We are not seeing evidence that clearly indicates abrupt climate change, and the change in methane concentrations is comparatively small. Nor do we know that this will lead to larger scale feedback mechanisms. That is, people predicting “now is the time to panic” are wrong on several levels – they should have been responding (not panicking) long since and so far, we don’t know this will lead to the worst outcomes.

That said, however, the sentence that no one has seen or proposed a mechanism in which this happens doesn’t really console me. In models and predictions prior to the revelation that methane levels were increasing, the assumption had been that methane wouldn’t rise until fairly late in the game – ie, until recently, no one had expected gradual increases this soon, which suggests that the science still hasn’t caught up.

The most likely outcome is that this will lead to a gradual increase in methane (and CO2) as the world warms. This is unhelpful, but only one of many serious feedbacks that make it harder and harder to stop climate change.

But we do know that while we may not have a useful mechanism for describing it, large scale methane releases probably have contributed to abrupt climate change the past, although not in the last 100,000 years, and it would be very much premature to indicate it is happening now.

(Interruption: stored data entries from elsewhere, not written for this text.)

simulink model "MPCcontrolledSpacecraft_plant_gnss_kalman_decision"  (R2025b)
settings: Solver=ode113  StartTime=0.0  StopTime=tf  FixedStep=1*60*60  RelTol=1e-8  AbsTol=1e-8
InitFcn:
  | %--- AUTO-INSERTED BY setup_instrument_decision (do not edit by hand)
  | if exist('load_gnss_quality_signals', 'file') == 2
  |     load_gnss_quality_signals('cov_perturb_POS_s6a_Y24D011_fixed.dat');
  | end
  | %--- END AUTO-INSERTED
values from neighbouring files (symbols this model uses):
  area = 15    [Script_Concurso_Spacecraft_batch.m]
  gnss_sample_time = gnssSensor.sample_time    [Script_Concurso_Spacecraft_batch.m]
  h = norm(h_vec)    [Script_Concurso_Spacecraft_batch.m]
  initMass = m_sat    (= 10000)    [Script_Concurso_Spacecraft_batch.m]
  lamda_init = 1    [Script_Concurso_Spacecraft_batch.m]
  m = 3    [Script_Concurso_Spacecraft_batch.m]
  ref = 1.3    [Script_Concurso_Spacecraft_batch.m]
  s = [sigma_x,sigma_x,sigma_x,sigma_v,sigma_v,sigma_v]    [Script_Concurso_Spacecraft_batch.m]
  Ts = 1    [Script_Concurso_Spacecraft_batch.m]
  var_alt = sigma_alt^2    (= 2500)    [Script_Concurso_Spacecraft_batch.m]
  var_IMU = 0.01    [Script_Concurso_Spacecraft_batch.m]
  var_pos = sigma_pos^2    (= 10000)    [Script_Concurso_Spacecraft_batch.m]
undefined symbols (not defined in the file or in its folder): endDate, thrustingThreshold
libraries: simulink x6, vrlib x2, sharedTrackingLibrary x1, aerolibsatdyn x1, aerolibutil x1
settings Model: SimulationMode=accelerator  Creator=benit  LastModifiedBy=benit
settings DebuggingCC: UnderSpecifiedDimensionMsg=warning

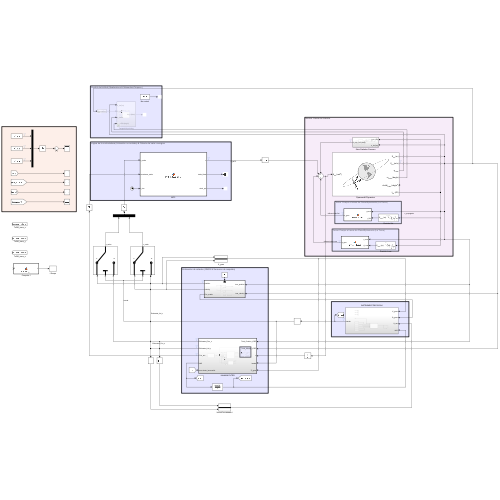
[thumbnail: Simulink's stored preview of the top-level diagram]
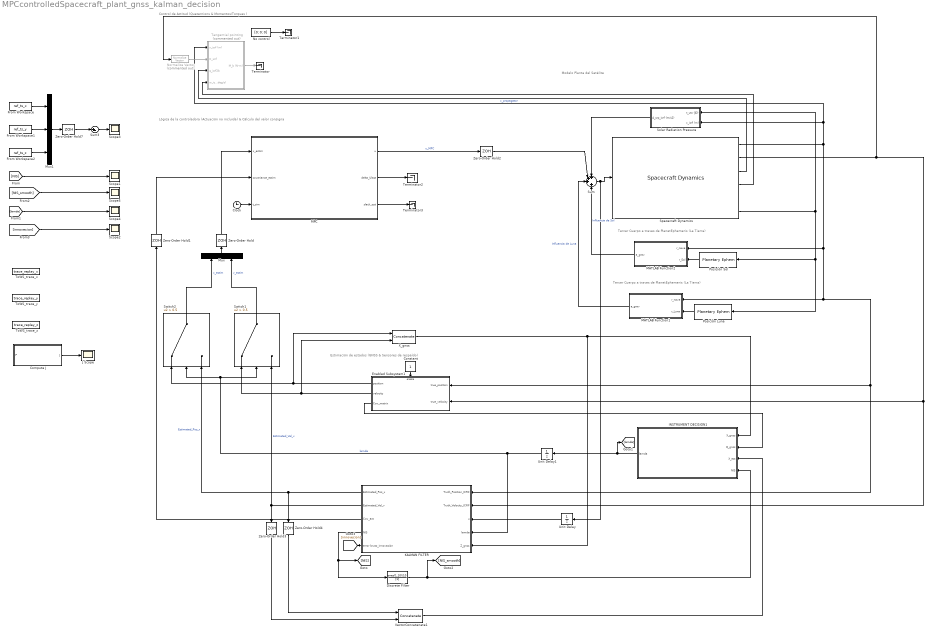
== system MPCcontrolledSpacecraft_plant_gnss_kalman_decision ==
  note: Control de Actitud (Quaternions & Momentos/Torques )
  note: Lógica de la controladora (Actuación no incluida) & Cálculo del valor consigna
  note: Estimación de estados (GNSS & Sensores de respaldo)
  note: Modelo Planta del Satélite
  note: Tercer Cuerpo a traves de PlanetEphemeris (La Tierra)
  note: Tercer Cuerpo a traves de PlanetEphemeris (La Tierra)
  Clock : Clock
      settings: Decimation=h
  Compute J : MATLAB Function  TreatAsAtomicUnit=on
  Constant : Constant
  Discrete Filter : DiscreteFilter  Numerator=ones(1,10)/10  Denominator=[1]
  Enabled Subsystem1 : Subsystem  Description=|  TreatAsAtomicUnit=on
      | "GNSS ON"
      | 
      | Aquí va a ir las medidas del vector de estados utilizando GNSS. 
      | 
      | Se tendrá que añadir todo el sistema de ruido blanco del sensor, así como la regresión
      | por medio de mínimos cuadrados (WLSQ)
  From Workspace : FromWorkspace  VariableName=ref_ts_x  SampleTime=1
  From Workspace1 : FromWorkspace  VariableName=ref_ts_y  SampleTime=1
  From Workspace2 : FromWorkspace  VariableName=ref_ts_z  SampleTime=1
  INSTRUMENT DECISION1 : Subsystem
  J Scope : Scope
      settings: ActiveDisplayYMinimum=-61.078405392126143  ActiveDisplayYMaximum=582.31960931045694
  KALMAN FILTER : Subsystem  Description=|  TreatAsAtomicUnit=on
      | "GNSS OFF"
      | 
      | Aquí va a ir las medidas del vector de estados utilizando Backup Sensor. 
      | 
      | Se tendrá que añadir todo el sistema de ruido blanco de los sensor de respaldo, 
      | así como el Filtro de Kalman y la estadística que permita mezclar las distintas medidas 
      | de distinta procedencia.
  MATLAB Function1 : MATLAB Function  TreatAsAtomicUnit=on
  MATLAB Function2 : MATLAB Function  TreatAsAtomicUnit=on
  MPC : MATLAB Function  TreatAsAtomicUnit=on  SystemSampleTime=h
  Mux : Mux  Inputs=2
  Mux1 : Mux  Inputs=3
  No control : Constant  Value=[0; 0; 0]
  Normalize Vector : vrlib/Utilities/Normalize Vector  Commented=on  maxzero=0
  Posición Luna : PlanetaryEphem  units=m,m/s  center=Sun  startDate=startDate2  endDate=endDate*1.02  outputVelocity=off
  Posición Sol : PlanetaryEphem  units=m,m/s  target=Sun  startDate=startDate2  endDate=endDate*1.02  outputVelocity=off
  Scope{1..5} (5 alike) : Scope
      Scope1 settings: ActiveDisplayYMinimum=-148.75157681735678  ActiveDisplayYMaximum=1338.765518425161
      Scope2 settings: ActiveDisplayYMinimum=-421.91395094944164  ActiveDisplayYMaximum=389.67502541979775  DataLoggingVariableName=ScopeData9
      Scope3 settings: ActiveDisplayYMinimum=-16012.819311832352  ActiveDisplayYMaximum=11977.80759284162  DataLoggingVariableName=ScopeData5
      Scope4 settings: ActiveDisplayYMinimum=-0.12499999999999997  ActiveDisplayYMaximum=1.125  DataLoggingVariableName=ScopeData2
      Scope5 settings: ActiveDisplayYMinimum=-29.897403423774861  ActiveDisplayYMaximum=269.07860039987031  DataLoggingVariableName=ScopeData6
  Solar Radiation Pressure : Subsystem
  Spacecraft Dynamics : SpacecraftDynamics  forcesIn=off  momentsIn=off  accelIn=on  startDate=start_date  mass=m_sat  semiMajorAxis=a  eccentricity=ecc  inclination=inc  raan=RAAN  argPeriapsis=w  trueAnomaly=theta  outputAngAccel=on  shDegree=2  ephemerisStartDate=start_date  ephemerisEndDate=start_date
  Sum : Sum  Inputs=+++|+
  Sum3 : Sum  Inputs=|+-
  Switch1 : Switch  Criteria=u2 > Threshold  Threshold=0.5  SaturateOnIntegerOverflow=off  InputSameDT=off
  Switch2 : Switch  Criteria=u2 > Threshold  Threshold=0.5  SaturateOnIntegerOverflow=off  InputSameDT=off
  Tangential pointing : Subsystem  Commented=on
  Terminator{,1..3} (4 alike) : Terminator
  ToWS_trace_x : ToWorkspace  VariableName=trace_replay_x  SampleTime=-1
  ToWS_trace_y : ToWorkspace  VariableName=trace_replay_y  SampleTime=-1
  ToWS_trace_z : ToWorkspace  VariableName=trace_replay_z  SampleTime=-1
  Unit Delay : UnitDelay  InitialCondition=[0; 0; 0]  SampleTime=Ts  HasFrameUpgradeWarning=on
  Unit Delay1 : UnitDelay  InitialCondition=lamda_init  SampleTime=Ts  HasFrameUpgradeWarning=on
  VectorConcatenate1 : Concatenate
  X_gnss : Concatenate
  Zero-Order Hold{,1..4,7} (6 alike) : ZeroOrderHold  SampleTime=h
  wires:
  Spacecraft Dynamics/1 -> Tangential pointing/1(x_icrf (m)), Solar Radiation Pressure/2(x_icrf (m)), Enabled Subsystem1/1(true_position), KALMAN FILTER/1(Truth_Position_ICRF), MATLAB Function1/1(r_nave), MATLAB Function2/1(r_nave)  "x_propagator"
  Spacecraft Dynamics/6 -> Solar Radiation Pressure/1(t_utc (JD)), Posición Luna/1, Posición Sol/1
  Posición Sol/1 -> MATLAB Function2/2(r_Sol)
  Posición Luna/1 -> MATLAB Function1/2(r_Luna)
  Unit Delay1/1 -> Switch2/2, Switch1/2, KALMAN FILTER/4(lamda)  "lamda"
  Spacecraft Dynamics/2 -> KALMAN FILTER/2(Truth_Velocity_ICRF), Enabled Subsystem1/2(true_velocity), Normalize Vector/1
  Enabled Subsystem1/1(position) -> Switch2/1, X_gnss/1
  KALMAN FILTER/1(Estimated_Pos_x) -> Switch2/3, Zero-Order Hold4/1  "Estimated_Pos_x"
  Spacecraft Dynamics/4 -> Tangential pointing/4(w_icrf2b (deg/s))
  Spacecraft Dynamics/3 -> Tangential pointing/3(q_icrf2b)
  Normalize Vector/1 -> Tangential pointing/2(C_icrf)
  Tangential pointing/1(M_b (N-m)) -> Terminator/1
  No control/1 -> Terminator1/1
  Enabled Subsystem1/2(velocity) -> Switch1/1, X_gnss/2
  KALMAN FILTER/2(Estimated_Vel_v) -> Switch1/3, Zero-Order Hold3/1  "Estimated_Vel_v"
  Solar Radiation Pressure/1(A_srp_icrf (m/s2)) -> Sum/1
  MATLAB Function2/1(a_grav) -> Sum/4  "Influencia de Sol"
  MATLAB Function1/1(a_grav) -> Sum/3  "Influencia de Luna"
  Sum/1 -> Spacecraft Dynamics/1, Unit Delay/1
  KALMAN FILTER/3(Cov_act) -> Zero-Order Hold1/1
  Unit Delay/1 -> KALMAN FILTER/3(u)
  Mux/1 -> Zero-Order Hold/1
  MPC/1(u) -> Zero-Order Hold2/1  "u_MPC"
  MPC/2(delta_Ulast) -> Terminator2/1
  MPC/3(slack_opt) -> Terminator3/1
  Zero-Order Hold/1 -> MPC/1(x_estim)
  Zero-Order Hold1/1 -> MPC/2(covariance_estim)
  Zero-Order Hold2/1 -> Sum/2
  Clock/1 -> MPC/3(t_sim)
  X_gnss/1 -> KALMAN FILTER/5(Z_gnss), INSTRUMENT DECISION1/1(X_gnss)
  Enabled Subsystem1/3(Cov_matrix) -> INSTRUMENT DECISION1/2(Q_gnss)
  VectorConcatenate1/1 -> INSTRUMENT DECISION1/3(X_est)
  Zero-Order Hold3/1 -> VectorConcatenate1/2
  Zero-Order Hold4/1 -> VectorConcatenate1/1
  Switch2/1 -> Mux/1  "x_estim"
  Switch1/1 -> Mux/2  "v_estim"
  Constant/1 -> Enabled Subsystem1/Enable
  Compute J/1(J) -> J Scope/1
  From Workspace1/1 -> Mux1/2
  From Workspace/1 -> Mux1/1
  From Workspace2/1 -> Mux1/3
  Mux1/1 -> Zero-Order Hold7/1
  Sum3/1 -> Scope3/1
  KALMAN FILTER/4(NIS) -> [NIS], Discrete Filter/1
  [NIS] -> Scope1/1
  [lamda] -> Scope4/1
  Zero-Order Hold7/1 -> Sum3/1
  Discrete Filter/1 -> [NIS_smooth], INSTRUMENT DECISION1/4(NIS)
  [NIS_smooth] -> Scope5/1
  INSTRUMENT DECISION1/1(lamda) -> Unit Delay1/1, [lamda]
  KALMAN FILTER/5(error bruto_innovación) -> [innovecion]
  [innovecion] -> Scope2/1

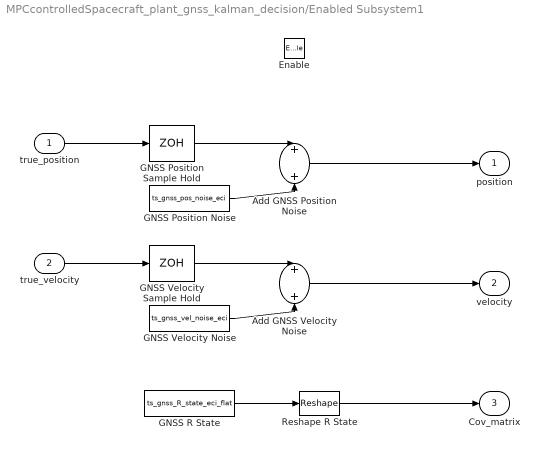
== system MPCcontrolledSpacecraft_plant_gnss_kalman_decision/Enabled Subsystem1 ==
  true_position : Inport
  true_velocity : Inport  Port=2
  Enable : EnablePort
  Add GNSS Position Noise : Sum
  Add GNSS Velocity Noise : Sum
  GNSS Position Noise : FromWorkspace  VariableName=ts_gnss_pos_noise_eci  SampleTime=Ts
  GNSS Position Sample Hold : ZeroOrderHold  SampleTime=gnss_sample_time
  GNSS R State : FromWorkspace  VariableName=ts_gnss_R_state_eci_flat  SampleTime=Ts
  GNSS Velocity Noise : FromWorkspace  VariableName=ts_gnss_vel_noise_eci  SampleTime=Ts
  GNSS Velocity Sample Hold : ZeroOrderHold  SampleTime=gnss_sample_time
  Reshape R State : Reshape  OutputDimensionality=Customize  OutputDimensions=[6 6]
  position : Outport  InitialOutput=zeros(3,1)
  velocity : Outport  Port=2  InitialOutput=zeros(3,1)
  Cov_matrix : Outport  Port=3  InitialOutput=zeros(6,6)
  wires:
  true_position/1 -> GNSS Position Sample Hold/1
  GNSS Position Sample Hold/1 -> Add GNSS Position Noise/1
  GNSS Position Noise/1 -> Add GNSS Position Noise/2
  Add GNSS Position Noise/1 -> position/1
  true_velocity/1 -> GNSS Velocity Sample Hold/1
  GNSS Velocity Sample Hold/1 -> Add GNSS Velocity Noise/1
  GNSS Velocity Noise/1 -> Add GNSS Velocity Noise/2
  Add GNSS Velocity Noise/1 -> velocity/1
  GNSS R State/1 -> Reshape R State/1
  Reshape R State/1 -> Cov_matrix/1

But what I do think is that this is a useful contribution to the case of the precautionary principle – because what we don’t know could very well do us a great deal of harm. As the Real Climate authors imply, carbon dioxide-caused global warming is a plenty good case for precaution, but there are factors that should make us nervous. We know that in historic terms the climate has changed very rapidly, over decades or even a few years. We know that an abrupt climate change would be a world-wide disaster. What we don’t know is how likely we are to precipitate one, or even how one might be precipitated. And sometimes to “we don’t know” we must add “and we shouldn’t wait until we’re sure, we should act now.”

Sharon

Comments

  1. #1 Don
    March 7, 2010

    The RealClimate article says that methane “oxidizes” into carbon dioxide. So methane in the air eventually turns into CO2, if I read that right. I’m not familiar with the chemistry here. How does that work? At any rate, if methane released eventually becomes C02, that is something to worry about.

  2. #2 David Marjanović
    March 7, 2010

    large scale methane releases probably have contributed to abrupt climate change the past, although not in the last 100,000 years

    Or, apparently, the last 55 million years. Back then, the water at the ocean floor became very warm… something about drifting continents changing the courses of sea currents is suspected, research is ongoing.

    Look up “PETM” or “Paleocene-Eocene thermal maximum”.

    How does that work?

    It burns, one molecule after another. CH4 + 2 O2 → CO2 + 2 H2O.

    that is something to worry about.

    Not really, because there’s not much more than 1/5000 as much CH4 as CO2 in the atmosphere. What is something to worry about is that methane is a much, much, much stronger greenhouse gas than carbon dioxide.

  3. #3 vertalio
    March 8, 2010

    David, or whoever-
    I was wondering, a while ago: if the thermohaline circulation stalls or ceases sometime in the near future, how does continental drift affect the chances of it re-starting? Either as we know it now, or in some other configuration, like, say, changing to flowing over or beside the pole?
    Have the land masses drifted far enough apart, since it formed, to move a resumption to a permanent, newer pattern? Is that part of the research you refer to?

  4. #4 vera
    March 9, 2010

    So I ask again… what happened to the methane 8,000 years ago, when pond turtles thrived in northern Scandinavia? What happened to it 120,000 years ago, when hippos swam in the Thames? Anybody?

  5. #5 Greenpa
    March 9, 2010

    Sharon- just to cheer you up!!

    http://money.cnn.com/2010/03/09/news/economy/nat_gas_crystals/index.htm

    hot diggity, there’s billions in them thar clathrates!

  6. #6 james
    March 10, 2010

    Vera,

    It oxidised into CO2 and became part of the Carbon cycle.